# Human looking for a horse!



## Grayspine (Sep 21, 2018)

Hey there!
Second post on this forum, haha(still figuring stuff out ;v; )
This post is pretty basic, so I'll just explain now:

I'm kinda just looking for someone with either a horse sona or horse character(Centaur's are cool too, by the way!! c:  ). I've always loved horses, annndd anytime I've RP'd with one in some way has been super fun and entertaining. 
I'm looking for a horse who wouldn't mind having a rider. I'm up for either casual character interaction RP's or maybe we can figure out some sort of scenario/story thing to RP through together. I'm open to ideas!
I'm not really looking for anything super sexual, but I don't mind fetishes within reason(We all got our things, it's all goooood!). Hit me up with questions either in the comments or in a PM!

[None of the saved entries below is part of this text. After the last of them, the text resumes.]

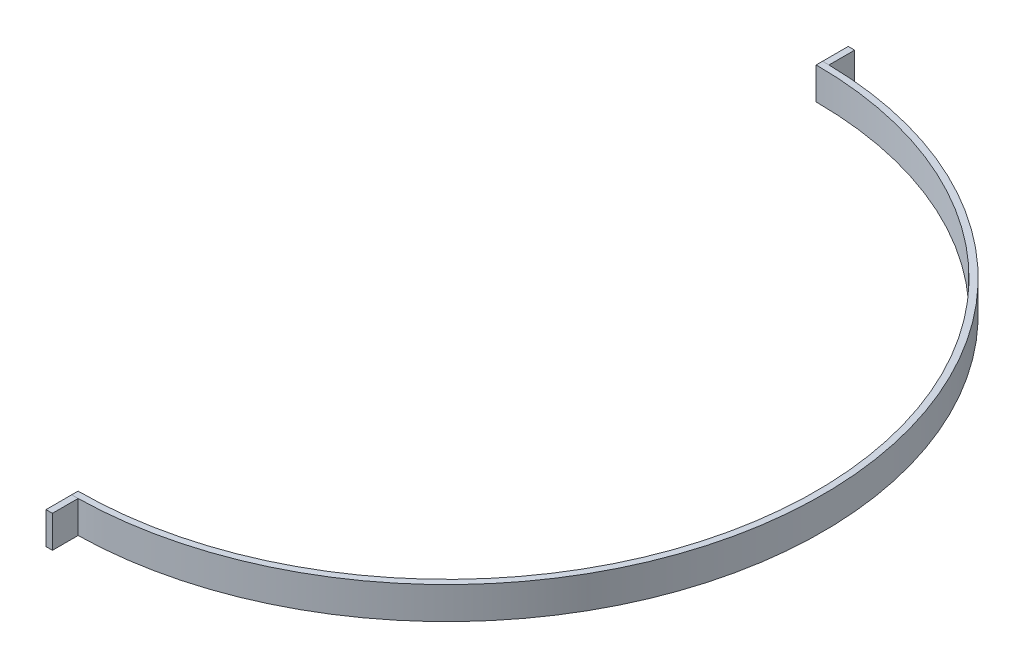
from build123d import *

# Parameters (mm, degrees)
BOSS_EXTRUDE1_DEPTH   = 10
BOSS_EXTRUDE1_2_DEPTH = 10
BOSS_EXTRUDE1_3_DEPTH = 10


with BuildPart() as part:
    # Sketch1 → Boss-Extrude1 (new body)
    with BuildSketch(Plane(origin=(0, 0, 0), x_dir=(1, 0, 0), z_dir=(0, 1, 0))):
        with BuildLine():
            Line((2, 116.982904734), (0, 117))
            Line((0, 117), (0, 115))
            ThreePointArc((0, 115), (81.317279836, 81.317279836), (115, 0))
            ThreePointArc((115, 0), (81.317279836, -81.317279836), (0, -115))
            Line((0, -115), (0, -117))
            Line((0, -117), (2, -116.982904734))
            ThreePointArc((2, -116.982904734), (83.435603911, -82.021338687), (117, 0))
            ThreePointArc((117, 0), (83.435603911, 82.021338687), (2, 116.982904734))
        make_face()
    extrude(amount=BOSS_EXTRUDE1_DEPTH)


with BuildPart() as body_2:
    # Sketch1 → Boss-Extrude1 2 (new body)
    with BuildSketch(Plane(origin=(0, 0, 0), x_dir=(1, 0, 0), z_dir=(0, 1, 0))):
        with BuildLine():
            ThreePointArc((2, -116.982904734), (1.00003653, -116.995726105), (0, -117))
            Line((0, -117), (0, -124.982904734))
            Line((0, -124.982904734), (2, -124.982904734))
            Line((2, -124.982904734), (2, -116.982904734))
        make_face()
    extrude(amount=BOSS_EXTRUDE1_2_DEPTH)


with BuildPart() as body_3:
    # Sketch1 → Boss-Extrude1 3 (new body)
    with BuildSketch(Plane(origin=(0, 0, 0), x_dir=(1, 0, 0), z_dir=(0, 1, 0))):
        with BuildLine():
            Line((0, 124.982904734), (0, 117))
            ThreePointArc((0, 117), (1.00003653, 116.995726105), (2, 116.982904734))
            Line((2, 116.982904734), (2, 124.982904734))
            Line((2, 124.982904734), (0, 124.982904734))
        make_face()
    extrude(amount=BOSS_EXTRUDE1_3_DEPTH)


solid = Compound([part.part, body_2.part, body_3.part])
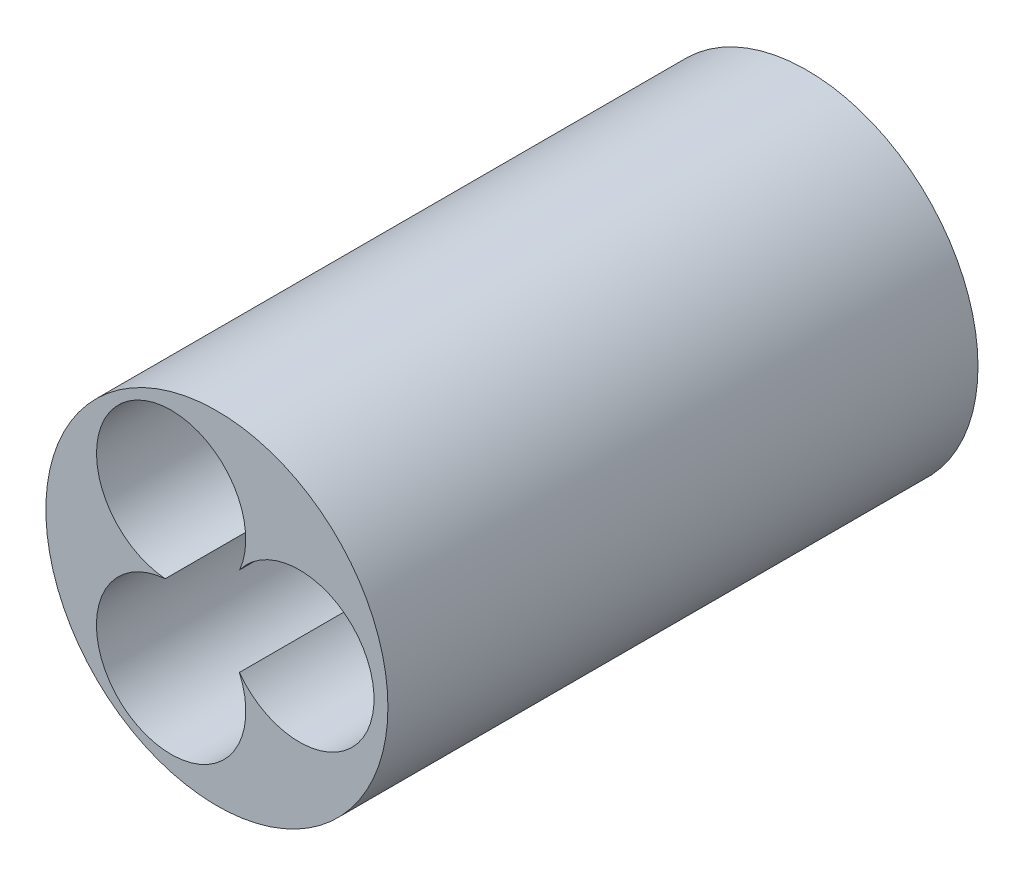
from build123d import *

# Parameters (mm, degrees)
SKETCH1_R           = 20.32
BOSS_EXTRUDE2_DEPTH = 70.1


with BuildPart() as part:
    # Sketch1 → Boss-Extrude2 (new body)
    with BuildSketch(Plane.XY):
        with Locations((5.436965925, 8.875)):
            Circle(SKETCH1_R)
        with BuildLine():
            ThreePointArc((8.106562975, 3.61237619), (8.680765272, 1.846602096), (8.875, 0))
            ThreePointArc((8.875, 0), (-6.021266525, -6.519967365), (-0.704712549, 8.84697718))
            ThreePointArc((-0.704712549, 8.84697718), (-6.013906314, 24.19612946), (8.8646, 17.683521379))
            ThreePointArc((8.8646, 17.683521379), (8.683960375, 15.903081724), (8.149403519, 14.195204385))
            ThreePointArc((8.149403519, 14.195204385), (18.04408912, 17.284412427), (24.1046, 8.875))
            ThreePointArc((24.1046, 8.875), (18.010024125, 0.454305284), (8.106562975, 3.61237619))
        make_face(mode=Mode.SUBTRACT)
    extrude(amount=BOSS_EXTRUDE2_DEPTH)


solid = part.part
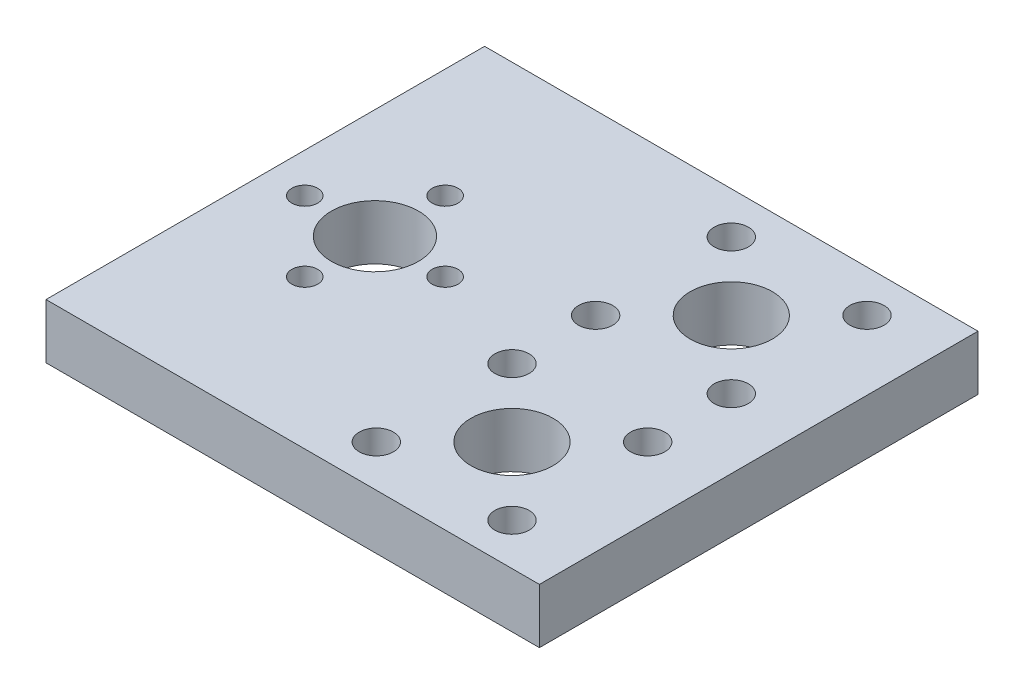
from build123d import *

# Parameters (mm, degrees)
SKETCH3_W           = 57.15
SKETCH3_H           = 6.35
BOSS_EXTRUDE2_DEPTH = 50.8
SKETCH4_R           = 5.05
SKETCH4_R_2         = 4.7625
SKETCH4_R_3         = 1.5
SKETCH4_R_4         = 1.984375
CUT_EXTRUDE1_DEPTH  = 6.35


with BuildPart() as part:
    # Sketch3 → Boss-Extrude2 (new body)
    with BuildSketch(Plane.XY):
        with Locations((-92.644673345, -3.175)):
            Rectangle(SKETCH3_W, SKETCH3_H)
    extrude(amount=BOSS_EXTRUDE2_DEPTH)

    # Sketch4 → Cut-Extrude1 (cut)
    with BuildSketch(Plane(origin=(0, 0, 0), x_dir=(1, 0, 0), z_dir=(0, 1, 0))):
        with Locations((-108.519673345, -25.4)):
            Circle(SKETCH4_R)
        with Locations((-79.944673345, -38.1)):
            Circle(SKETCH4_R_2)
        with Locations((-108.519673345, -17.27)):
            Circle(SKETCH4_R_3)
        with Locations((-87.802397451, -30.242275894)):
            Circle(SKETCH4_R_4)
        with Locations((-72.086949239, -30.242275894)):
            Circle(SKETCH4_R_4)
        with Locations((-72.086949239, -45.957724106)):
            Circle(SKETCH4_R_4)
        with Locations((-87.802397451, -45.957724106)):
            Circle(SKETCH4_R_4)
        with Locations((-116.649673345, -25.4)):
            Circle(SKETCH4_R_3)
        with Locations((-100.389673345, -25.4)):
            Circle(SKETCH4_R_3)
        with Locations((-108.519673345, -33.53)):
            Circle(SKETCH4_R_3)
        with Locations((-87.802397451, -4.842275894)):
            Circle(SKETCH4_R_4)
        with Locations((-72.086949239, -4.842275894)):
            Circle(SKETCH4_R_4)
        with Locations((-72.086949239, -20.557724106)):
            Circle(SKETCH4_R_4)
        with Locations((-87.802397451, -20.557724106)):
            Circle(SKETCH4_R_4)
        with Locations((-79.944673345, -12.7)):
            Circle(SKETCH4_R_2)
    extrude(amount=-CUT_EXTRUDE1_DEPTH, mode=Mode.SUBTRACT)


solid = part.part

For information on me. I'm just a human boyo who's lightweight, lanky, and a bit nervous sometimes! 

Anyway, just hit me up c:


----------



## Lyle Jones (Sep 21, 2018)

Hello this seems interesting! 
I am a deer but I love creating new sonas :3 i would love to RP with u either as a Deer or a horse that we could create together :3 
BTW I made my profile pic so that is what my art looks like :3


----------



## Grayspine (Sep 21, 2018)

Lyle Jones said:


> Hello this seems interesting!
> I am a deer but I love creating new sonas :3 i would love to RP with u either as a Deer or a horse that we could create together :3
> BTW I made my profile pic so that is what my art looks like :3


Hello! c: 
I'm happy to hear you're interested! I'd be cool with either your deer(cause they are awesome -v- ) or yeah, we could create a horse character together! c: It's your call!
Wanna switch to a private message on here to talk about it more just to get some details out of the way? c:


----------



## Vorelover467 (Sep 21, 2018)

Grayspine said:


> Hey there!
> Second post on this forum, haha(still figuring stuff out ;v; )
> This post is pretty basic, so I'll just explain now:
> 
> ...


I do have a beautiful mare October.


----------



## Grayspine (Sep 21, 2018)

Vorelover467 said:


> I do have a beautiful mare October.


Cool, cool! : D Well do feel free to tell me more either here, or in a private message! Would love to hear some details!


----------



## Grayspine (Jan 10, 2019)

Didn't have any luck with this before.
 But hey! Bump! Maybe someone new will see it lol


----------



## mareenaicefin (Jan 10, 2019)

I don't think you'll want to ride a narwhal


----------



## Grayspine (Jan 10, 2019)

mareenaicefin said:


> I don't think you'll want to ride a narwhal


Haha, that is definitively not a horse XD


----------



## mareenaicefin (Jan 10, 2019)

Grayspine said:


> Haha, that is definitively not a horse XD


Sorry I had to make that joke I couldn't help myself


----------



## Grayspine (Jan 10, 2019)

mareenaicefin said:


> Sorry I had to make that joke I couldn't help myself


Hah, it's all good XD


----------



## Grayspine (Jan 23, 2019)

Gonna give this one a bump!
Any centaur friendos out there?


----------